Work request.
Exactly retype the opening line of the entries and every line after it, ending with the line that contains "#21=DIRECTION('',(1.,0.,0.));". Skip all pictures.
─── Material for the task ───
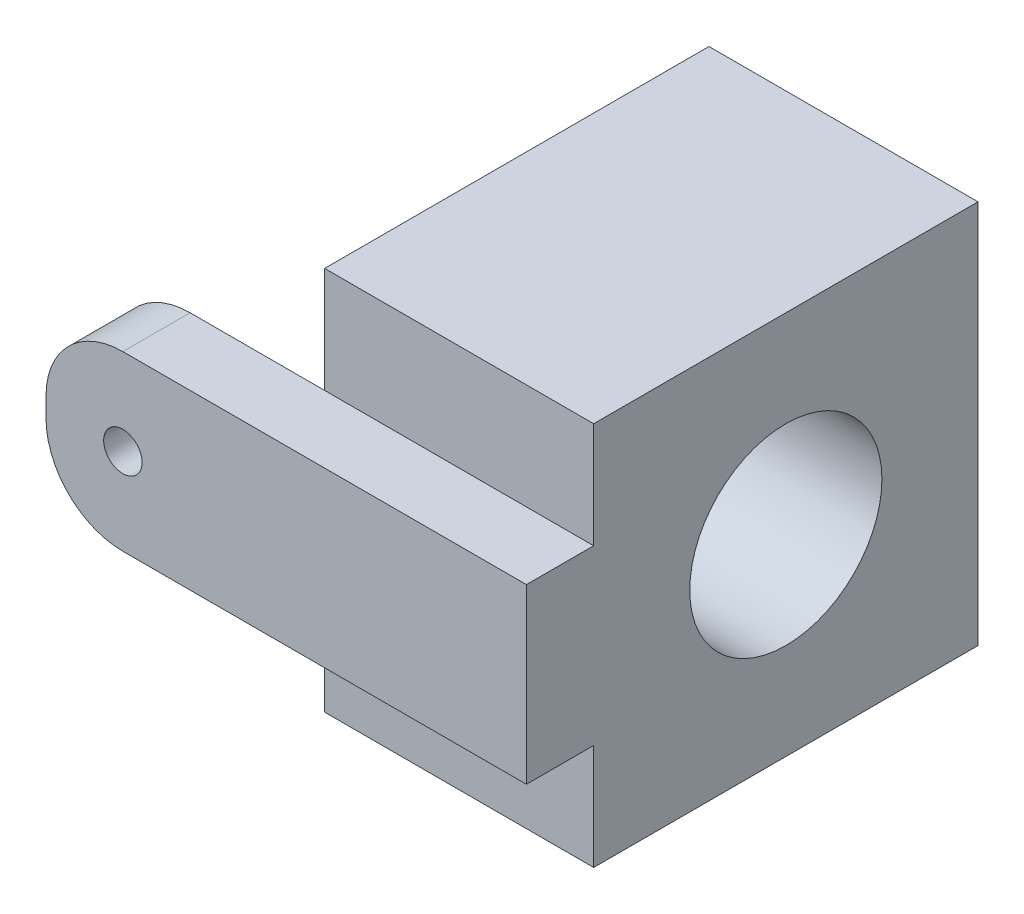
ISO-10303-21;
HEADER;
FILE_DESCRIPTION(('STEP AP214'),'2;1');
FILE_NAME('part.step','',(''),(''),'','','');
FILE_SCHEMA(('AUTOMOTIVE_DESIGN { 1 0 10303 214 1 1 1 1 }'));
ENDSEC;
DATA;
#1=APPLICATION_CONTEXT('core data for automotive mechanical design processes');
#2=APPLICATION_PROTOCOL_DEFINITION('international standard','automotive_design',2000,#1);
#3=PRODUCT_CONTEXT('',#1,'mechanical');
#4=PRODUCT('Part','Part','',(#3));
#5=PRODUCT_RELATED_PRODUCT_CATEGORY('part','',(#4));
#6=PRODUCT_DEFINITION_FORMATION('','',#4);
#7=PRODUCT_DEFINITION_CONTEXT('part definition',#1,'design');
#8=PRODUCT_DEFINITION('design','',#6,#7);
#9=PRODUCT_DEFINITION_SHAPE('','',#8);
#10=(LENGTH_UNIT() NAMED_UNIT(*) SI_UNIT(.MILLI.,.METRE.));
#11=(NAMED_UNIT(*) PLANE_ANGLE_UNIT() SI_UNIT($,.RADIAN.));
#12=(NAMED_UNIT(*) SI_UNIT($,.STERADIAN.) SOLID_ANGLE_UNIT());
#13=UNCERTAINTY_MEASURE_WITH_UNIT(LENGTH_MEASURE(1.E-05),#10,'distance_accuracy_value','');
#14=(GEOMETRIC_REPRESENTATION_CONTEXT(3) GLOBAL_UNCERTAINTY_ASSIGNED_CONTEXT((#13)) GLOBAL_UNIT_ASSIGNED_CONTEXT((#10,
#11,#12)) REPRESENTATION_CONTEXT('',''));
#15=CARTESIAN_POINT('',(0.,0.,0.));
#16=DIRECTION('',(0.,0.,1.));
#17=DIRECTION('',(1.,0.,0.));
#18=AXIS2_PLACEMENT_3D('',#15,#16,#17);
#19=CARTESIAN_POINT('',(14.,-20.,20.));
#20=DIRECTION('',(0.,0.,1.));
#21=DIRECTION('',(1.,0.,0.));
#22=AXIS2_PLACEMENT_3D('',#19,#20,#21);
#23=PLANE('',#22);
#24=DIRECTION('',(1.,0.,0.));
#25=VECTOR('',#24,1.);
#26=CARTESIAN_POINT('',(14.,-9.,20.));
#27=LINE('',#26,#25);
#28=CARTESIAN_POINT('',(-14.,-9.,20.));
#29=VERTEX_POINT('',#28);
#30=CARTESIAN_POINT('',(14.,-9.,20.));
#31=VERTEX_POINT('',#30);
#32=EDGE_CURVE('E199',#29,#31,#27,.T.);
#33=ORIENTED_EDGE('',*,*,#32,.F.);
#34=DIRECTION('',(0.,1.,0.));
#35=VECTOR('',#34,1.);
#36=CARTESIAN_POINT('',(-14.,-20.,20.));
#37=LINE('',#36,#35);
#38=CARTESIAN_POINT('',(-14.,-20.,20.));
#39=VERTEX_POINT('',#38);
#40=EDGE_CURVE('E200',#39,#29,#37,.T.);
#41=ORIENTED_EDGE('',*,*,#40,.F.);
#42=DIRECTION('',(1.,0.,0.));
#43=VECTOR('',#42,1.);
#44=CARTESIAN_POINT('',(14.,-20.,20.));
#45=LINE('',#44,#43);
#46=CARTESIAN_POINT('',(14.,-20.,20.));
#47=VERTEX_POINT('',#46);
#48=EDGE_CURVE('E191',#39,#47,#45,.T.);
#49=ORIENTED_EDGE('',*,*,#48,.T.);
#50=DIRECTION('',(0.,1.,0.));
#51=VECTOR('',#50,1.);
#52=CARTESIAN_POINT('',(14.,-20.,20.));
#53=LINE('',#52,#51);
#54=EDGE_CURVE('E196',#47,#31,#53,.T.);
#55=ORIENTED_EDGE('',*,*,#54,.T.);
#56=EDGE_LOOP('',(#33,#41,#49,#55));
#57=FACE_BOUND('',#56,.T.);
#58=ADVANCED_FACE('F39',(#57),#23,.T.);
#59=CARTESIAN_POINT('',(14.,-20.,-20.));
#60=DIRECTION('',(1.,0.,0.));
#61=DIRECTION('',(0.,0.,-1.));
#62=AXIS2_PLACEMENT_3D('',#59,#60,#61);
#63=PLANE('',#62);
#64=CARTESIAN_POINT('',(14.,0.,0.));
#65=DIRECTION('',(1.,0.,0.));
#66=DIRECTION('',(0.,0.,-1.));
#67=AXIS2_PLACEMENT_3D('',#64,#65,#66);
#68=CIRCLE('',#67,10.);
#69=CARTESIAN_POINT('',(14.,0.,-10.));
#70=VERTEX_POINT('',#69);
#71=EDGE_CURVE('E149',#70,#70,#68,.T.);
#72=ORIENTED_EDGE('',*,*,#71,.F.);
#73=EDGE_LOOP('',(#72));
#74=FACE_BOUND('',#73,.T.);
#75=DIRECTION('',(0.,1.,0.));
#76=VECTOR('',#75,1.);
#77=CARTESIAN_POINT('',(14.,-20.,-20.));
#78=LINE('',#77,#76);
#79=CARTESIAN_POINT('',(14.,-20.,-20.));
#80=VERTEX_POINT('',#79);
#81=CARTESIAN_POINT('',(14.,20.,-20.));
#82=VERTEX_POINT('',#81);
#83=EDGE_CURVE('E195',#80,#82,#78,.T.);
#84=ORIENTED_EDGE('',*,*,#83,.T.);
#85=DIRECTION('',(0.,0.,-1.));
#86=VECTOR('',#85,1.);
#87=CARTESIAN_POINT('',(14.,20.,-20.));
#88=LINE('',#87,#86);
#89=CARTESIAN_POINT('',(14.,20.,20.));
#90=VERTEX_POINT('',#89);
#91=EDGE_CURVE('E162',#90,#82,#88,.T.);
#92=ORIENTED_EDGE('',*,*,#91,.F.);
#93=CARTESIAN_POINT('',(14.,9.,20.));
#94=VERTEX_POINT('',#93);
#95=EDGE_CURVE('E147',#94,#90,#53,.T.);
#96=ORIENTED_EDGE('',*,*,#95,.F.);
#97=DIRECTION('',(0.,0.,-1.));
#98=VECTOR('',#97,1.);
#99=CARTESIAN_POINT('',(14.,9.,27.));
#100=LINE('',#99,#98);
#101=CARTESIAN_POINT('',(14.,9.,27.));
#102=VERTEX_POINT('',#101);
#103=EDGE_CURVE('E127',#102,#94,#100,.T.);
#104=ORIENTED_EDGE('',*,*,#103,.F.);
#105=DIRECTION('',(0.,1.,0.));
#106=VECTOR('',#105,1.);
#107=CARTESIAN_POINT('',(14.,9.,27.));
#108=LINE('',#107,#106);
#109=CARTESIAN_POINT('',(14.,-9.,27.));
#110=VERTEX_POINT('',#109);
#111=EDGE_CURVE('E132',#110,#102,#108,.T.);
#112=ORIENTED_EDGE('',*,*,#111,.F.);
#113=DIRECTION('',(0.,0.,-1.));
#114=VECTOR('',#113,1.);
#115=CARTESIAN_POINT('',(14.,-9.,27.));
#116=LINE('',#115,#114);
#117=EDGE_CURVE('E150',#110,#31,#116,.T.);
#118=ORIENTED_EDGE('',*,*,#117,.T.);
#119=ORIENTED_EDGE('',*,*,#54,.F.);
#120=DIRECTION('',(0.,0.,-1.));
#121=VECTOR('',#120,1.);
#122=CARTESIAN_POINT('',(14.,-20.,-20.));
#123=LINE('',#122,#121);
#124=EDGE_CURVE('E179',#47,#80,#123,.T.);
#125=ORIENTED_EDGE('',*,*,#124,.T.);
#126=EDGE_LOOP('',(#84,#92,#96,#104,#112,#118,#119,#125));
#127=FACE_BOUND('',#126,.T.);
#128=ADVANCED_FACE('F145',(#74,#127),#63,.T.);
#129=DIRECTION('',(-1.,0.,0.));
#130=VECTOR('',#129,1.);
#131=CARTESIAN_POINT('',(14.,9.,20.));
#132=LINE('',#131,#130);
#133=CARTESIAN_POINT('',(-14.,9.,20.));
#134=VERTEX_POINT('',#133);
#135=EDGE_CURVE('E248',#94,#134,#132,.T.);
#136=ORIENTED_EDGE('',*,*,#135,.F.);
#137=ORIENTED_EDGE('',*,*,#95,.T.);
#138=DIRECTION('',(1.,0.,0.));
#139=VECTOR('',#138,1.);
#140=CARTESIAN_POINT('',(14.,20.,20.));
#141=LINE('',#140,#139);
#142=CARTESIAN_POINT('',(-14.,20.,20.));
#143=VERTEX_POINT('',#142);
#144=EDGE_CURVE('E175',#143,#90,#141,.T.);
───
Expected answer.
ISO-10303-21;
HEADER;
FILE_DESCRIPTION(('STEP AP214'),'2;1');
FILE_NAME('part.step','',(''),(''),'','','');
FILE_SCHEMA(('AUTOMOTIVE_DESIGN { 1 0 10303 214 1 1 1 1 }'));
ENDSEC;
DATA;
#1=APPLICATION_CONTEXT('core data for automotive mechanical design processes');
#2=APPLICATION_PROTOCOL_DEFINITION('international standard','automotive_design',2000,#1);
#3=PRODUCT_CONTEXT('',#1,'mechanical');
#4=PRODUCT('Part','Part','',(#3));
#5=PRODUCT_RELATED_PRODUCT_CATEGORY('part','',(#4));
#6=PRODUCT_DEFINITION_FORMATION('','',#4);
#7=PRODUCT_DEFINITION_CONTEXT('part definition',#1,'design');
#8=PRODUCT_DEFINITION('design','',#6,#7);
#9=PRODUCT_DEFINITION_SHAPE('','',#8);
#10=(LENGTH_UNIT() NAMED_UNIT(*) SI_UNIT(.MILLI.,.METRE.));
#11=(NAMED_UNIT(*) PLANE_ANGLE_UNIT() SI_UNIT($,.RADIAN.));
#12=(NAMED_UNIT(*) SI_UNIT($,.STERADIAN.) SOLID_ANGLE_UNIT());
#13=UNCERTAINTY_MEASURE_WITH_UNIT(LENGTH_MEASURE(1.E-05),#10,'distance_accuracy_value','');
#14=(GEOMETRIC_REPRESENTATION_CONTEXT(3) GLOBAL_UNCERTAINTY_ASSIGNED_CONTEXT((#13)) GLOBAL_UNIT_ASSIGNED_CONTEXT((#10,
#11,#12)) REPRESENTATION_CONTEXT('',''));
#15=CARTESIAN_POINT('',(0.,0.,0.));
#16=DIRECTION('',(0.,0.,1.));
#17=DIRECTION('',(1.,0.,0.));
#18=AXIS2_PLACEMENT_3D('',#15,#16,#17);
#19=CARTESIAN_POINT('',(14.,-20.,20.));
#20=DIRECTION('',(0.,0.,1.));
#21=DIRECTION('',(1.,0.,0.));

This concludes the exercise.